The team, led by former LLNL fellow, Peter Pauzauskie (now at the University of Washington, Department of Materials Science & Engineering), created an amorphous carbon precursor material using sol-gel processing (see pdf describing details, here) and used a diamond anvil to subject the aerogel to pressures where diamond is the stable phase of carbon. Laser heating was used to overcome the kinetic barriers of the phase transformation to nanocrystalline diamond.

A key goal of the experiment was to maintain the porous structure of the sample. The precursor aerogel is self-supporting, but the researchers note that it is still delicate – finger pressure is enough to crush it. Supercritical neon was used to apply hydrostatic pressures of 21.0 GPa, 22.5 GPa and 25.5 GPa (that’s about 3,000-3,700 ksi), and the samples were laser heated to approximately 1850 oC. The study made no attempt to optimize the pressure and temperature parameters.

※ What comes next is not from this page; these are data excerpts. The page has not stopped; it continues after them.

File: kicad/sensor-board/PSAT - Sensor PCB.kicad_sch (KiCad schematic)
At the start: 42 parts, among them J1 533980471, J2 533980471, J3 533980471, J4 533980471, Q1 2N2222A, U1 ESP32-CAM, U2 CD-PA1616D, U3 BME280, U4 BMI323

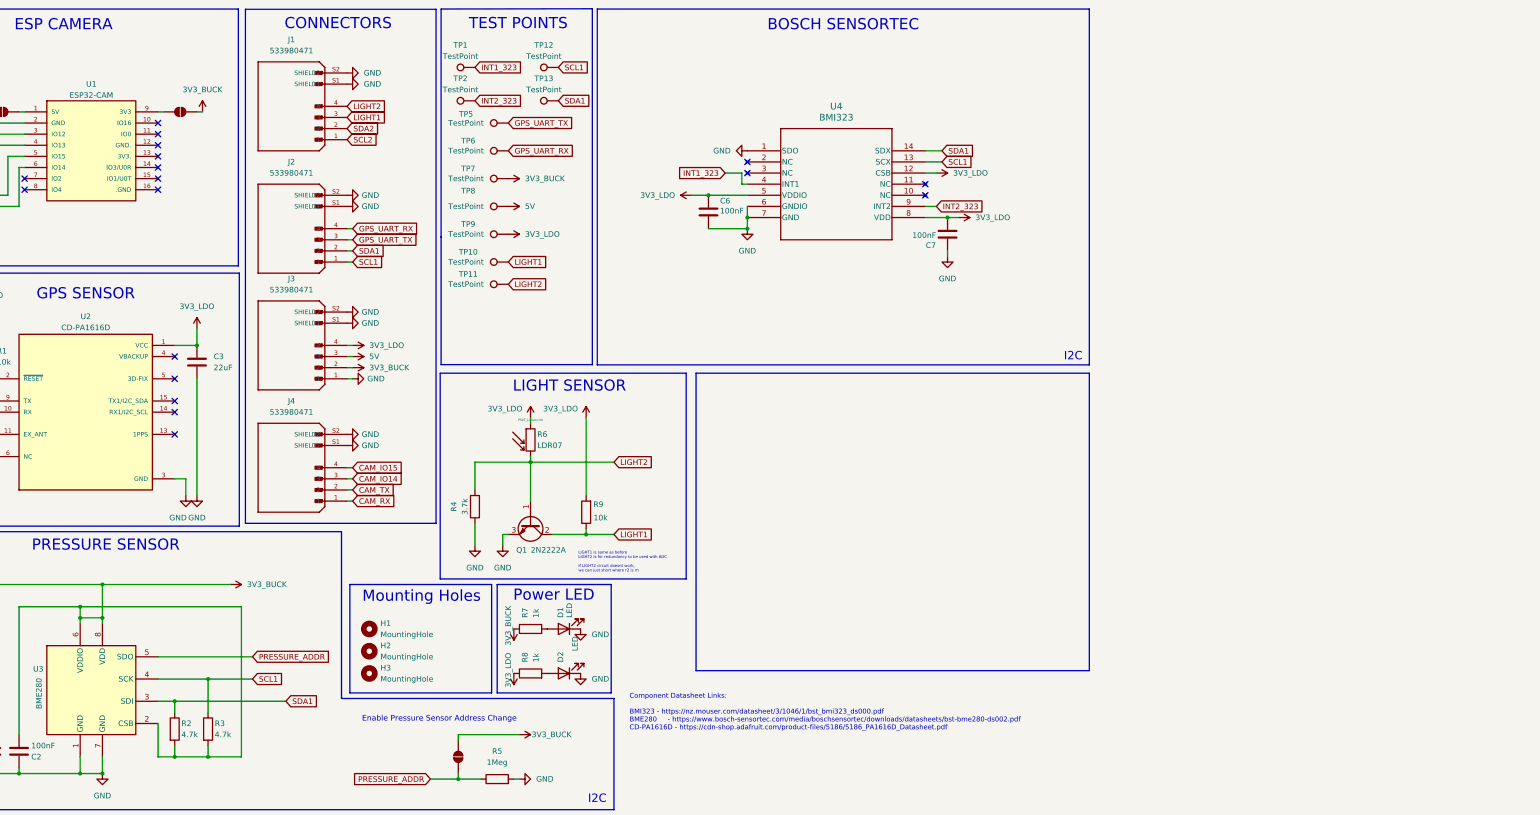
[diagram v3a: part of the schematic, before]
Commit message: feat: sensor board pcb wiring, silkscreen incomplete
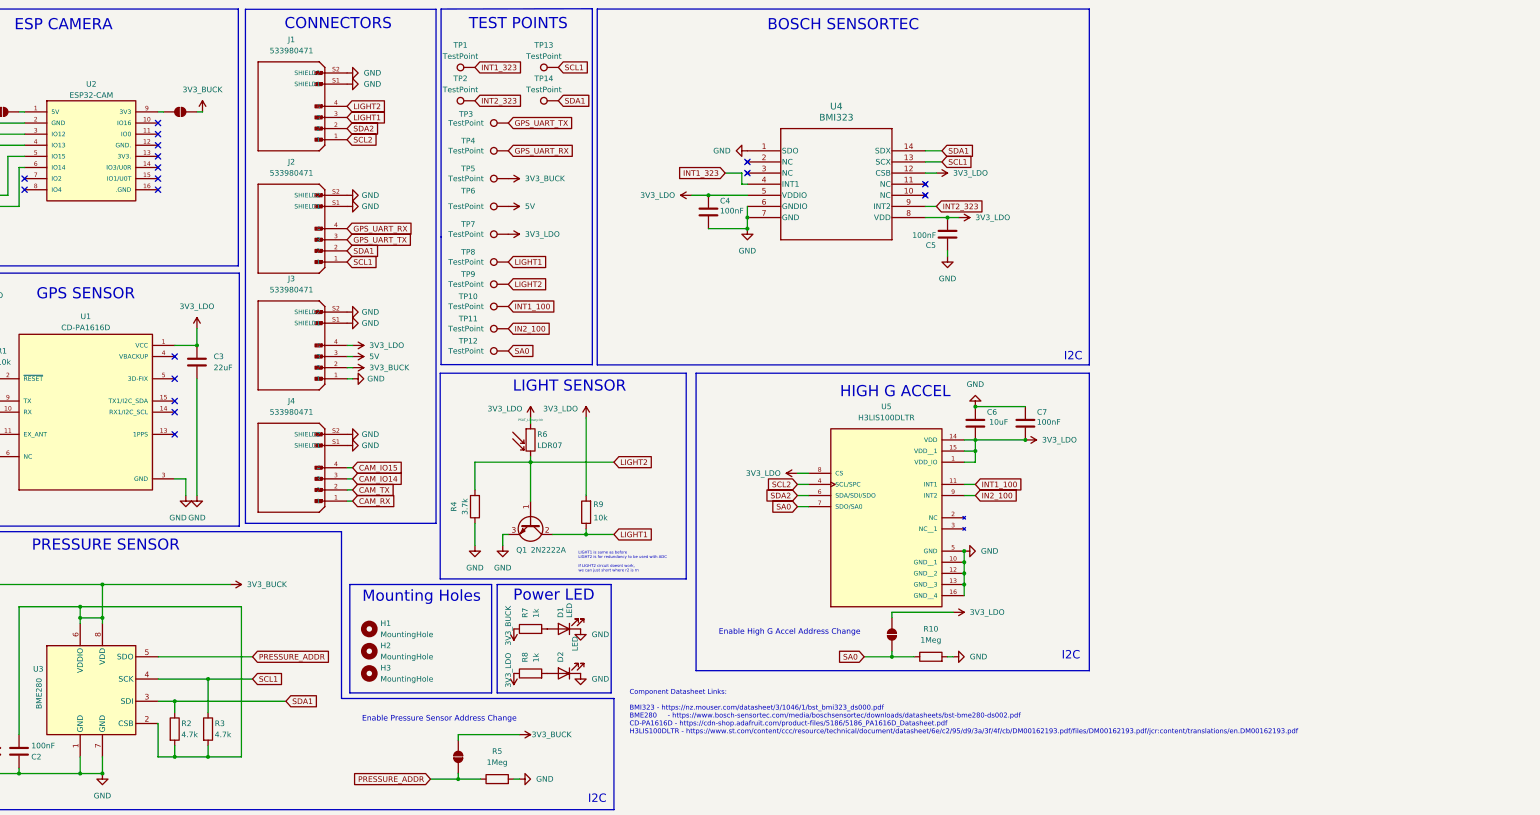
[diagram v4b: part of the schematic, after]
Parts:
- added C6: 10uF, Capacitor_SMD:C_0805_2012Metric_Pad1.18x1.45mm_HandSolder, symbol Device:C
- added C7: 100nF, Capacitor_SMD:C_0805_2012Metric_Pad1.18x1.45mm_HandSolder, symbol Device:C
- added JP4: EN_5, Jumper:SolderJumper-2_P1.3mm_Open_Pad1.0x1.5mm, symbol Jumper:SolderJumper_2_Open
- added R10: 1Meg, Resistor_SMD:R_0805_2012Metric_Pad1.20x1.40mm_HandSolder, symbol Device:R
- added TP10, TP11, TP12: TestPoint, TestPoint:TestPoint_Pad_D1.0mm, symbol Connector:TestPoint
- added U5: H3LIS100DLTR, PSAT_Library:PQFN50P300X300X100-16N, symbol H3LIS100DLTR:H3LIS100DLTR
- renumbered C6 to C4, C7 to C5, TP12 to TP13, TP13 to TP14, TP5 to TP3, TP6 to TP4, TP7 to TP5, TP8 to TP6, TP9 to TP7, TP10 to TP8, TP11 to TP9, U2 to U1, U1 to U2
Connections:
- net 3V3_LDO: now also C6.1, C7.1, JP4.1 (A), U5.1 (VDD_IO), U5.14 (VDD), U5.15 (VDD__1), U5.8 (CS)
- net GND: now also C6.2, C7.2, R10.2, U5.10 (GND__1), U5.12 (GND__2), U5.13 (GND__3), U5.16 (GND__4), U5.5 (GND)
- net SCL2: now also U5.4 (SCL/SPC)
- net SDA2: now also U5.6 (SDA/SDI/SDO)
- new net IN2_100: TP11.1, U5.9 (INT2)
- new net INT1_100: TP10.1, U5.11 (INT1)
- new net SA0: JP4.2 (B), R10.1, TP12.1, U5.7 (SDO/SA0)
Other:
- note added: "Component Datasheet Links: BMI323 - https://nz.mouser.com/datasheet/3/1046/1/bst_bmi323_ds000.pdf BME280 - https://www.bosch-sensortec.com/media/boschsensortec/downloads/datasheets/bst-bme280-ds002.pdf CD-PA1616D - https://cdn-shop.adafruit.com/product-files/5186/5186_PA1616D_Datasheet.pdf H3LIS100DLTR - https://www.st.com/content/ccc/resource/technical/document/datasheet/6e/c2/95/d9/3a/3f/4f/cb/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"
- note added: "Enable High G Accel Address Change"
- note added: "HIGH G ACCEL"
- note removed: "Component Datasheet Links: BMI323 - https://nz.mouser.com/datasheet/3/1046/1/bst_bmi323_ds000.pdf BME280 - https://www.bosch-sensortec.com/media/boschsensortec/downloads/datasheets/bst-bme280-ds002.pdf CD-PA1616D - https://cdn-shop.adafruit.com/product-files/5186/5186_PA1616D_Datasheet.pdf"

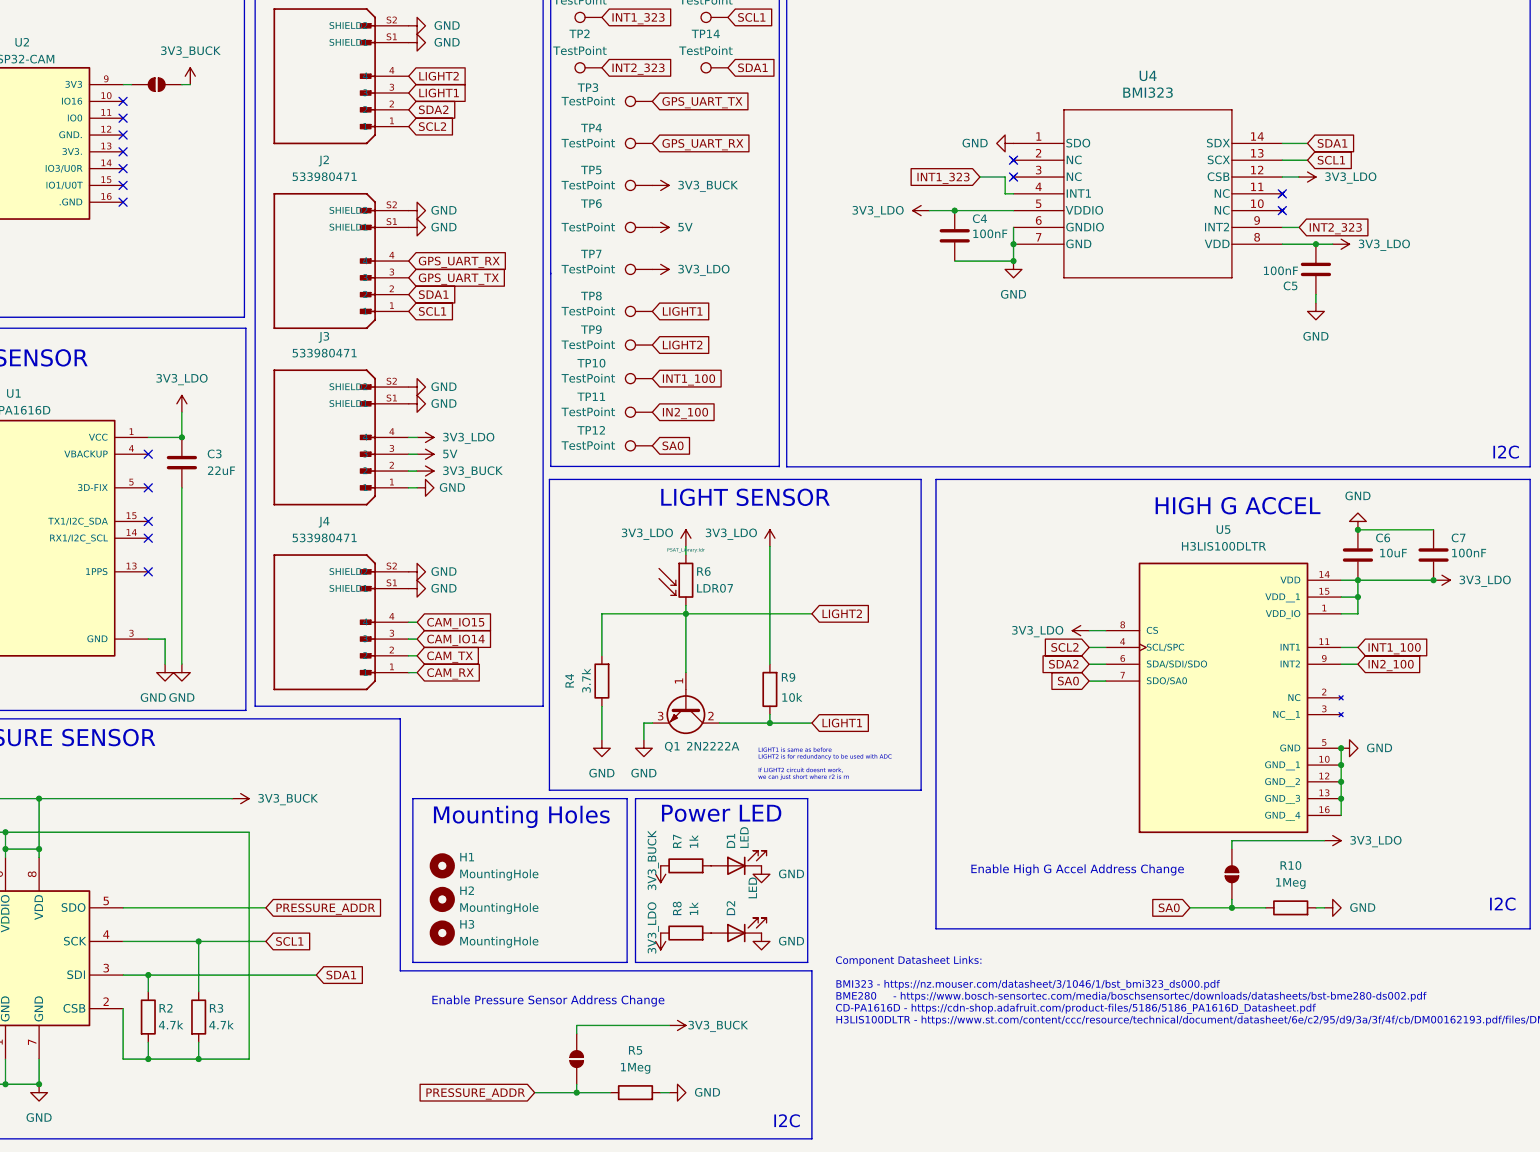
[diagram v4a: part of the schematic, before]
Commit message: feat: added improvements and removed irrelevant components
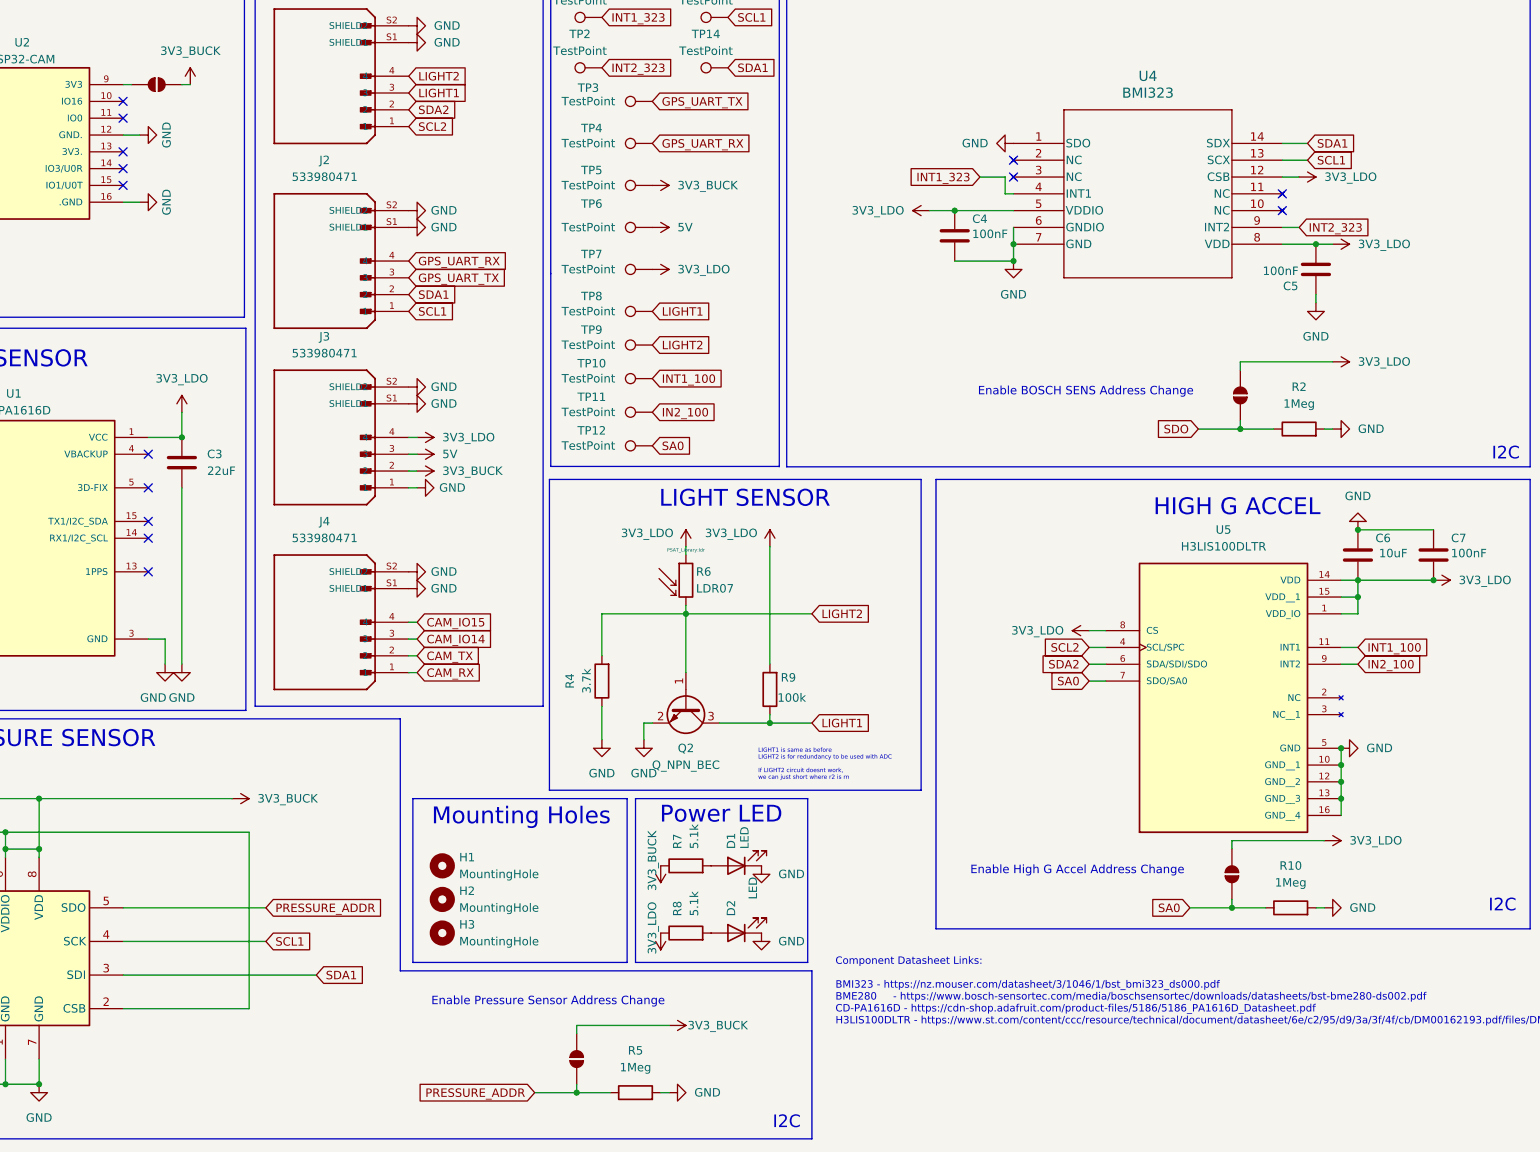
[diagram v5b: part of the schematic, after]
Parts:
- removed Q1: 2N2222A, Package_TO_SOT_SMD:SOT-23-3, symbol Transistor_BJT:Q_NPN_BCE
- removed R3: 4.7k, Resistor_SMD:R_0805_2012Metric_Pad1.20x1.40mm_HandSolder, symbol Device:R
- added JP5: EN_5, Jumper:SolderJumper-2_P1.3mm_Open_Pad1.0x1.5mm, symbol Jumper:SolderJumper_2_Open
- added Q2: Q_NPN_BEC, Package_TO_SOT_SMD:SOT-23, symbol Transistor_BJT:Q_NPN_BEC
- R2: value 4.7k -> 1Meg
- R7, R8: value 1k -> 5.1k
- R9: value 10k -> 100k
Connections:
- net 3V3_BUCK: no longer R2.2
- net 3V3_LDO: now also JP5.1 (A)
- net GND: now also R2.2, U2.12 (GND.), U2.16 (.GND), Q2.2 (E)
- net LIGHT1: now also Q2.3 (C)
- net LIGHT2: now also Q2.1 (B)
- net SDA1: no longer R2.1
- new net SDO: JP5.2 (B), R2.1
- no-connect marks 20 -> 18
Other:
- note added: "Enable BOSCH SENS Address Change"

Using Raman spectroscopy, the researchers concluded that there was not a superhard graphite phase helping to prevent pore collapse, which had been suggested as a possible mechanism for mesoporous carbon. TEM showed that diamond aerogel is a network of nanocrystals (2.5-100 nm) that appear to be connected by thin surface coatings of graphitic carbon and that the porous morphology seems to have been preserved.

It’s likely a long road from diamond anvil synthesis to a bulk processing method, but the study shows that the phase transformation from amorphous carbon to diamond can be achieved nondestructively while maintaining the porous morphology. Materials of this type are expected to have applications as tunable and optically effficient antireflective coatings, optical quantum bits, and cellular biomarkers. The unique optical, thermal, and chemical properties of a nanocrystalline diamond, porous material will lead quickly to other applications, some novel and some fairly pedestrian (but important), such as  water desalination.

As a proof-of-concept, the study showed that nondestructive phase transformation from amorphous to nanocrystalline morphologies is possible from sol-gel precursor materials, which, the authors note, opens the possibility of producing other highly porous, nanocrystalline materials such as SiO2.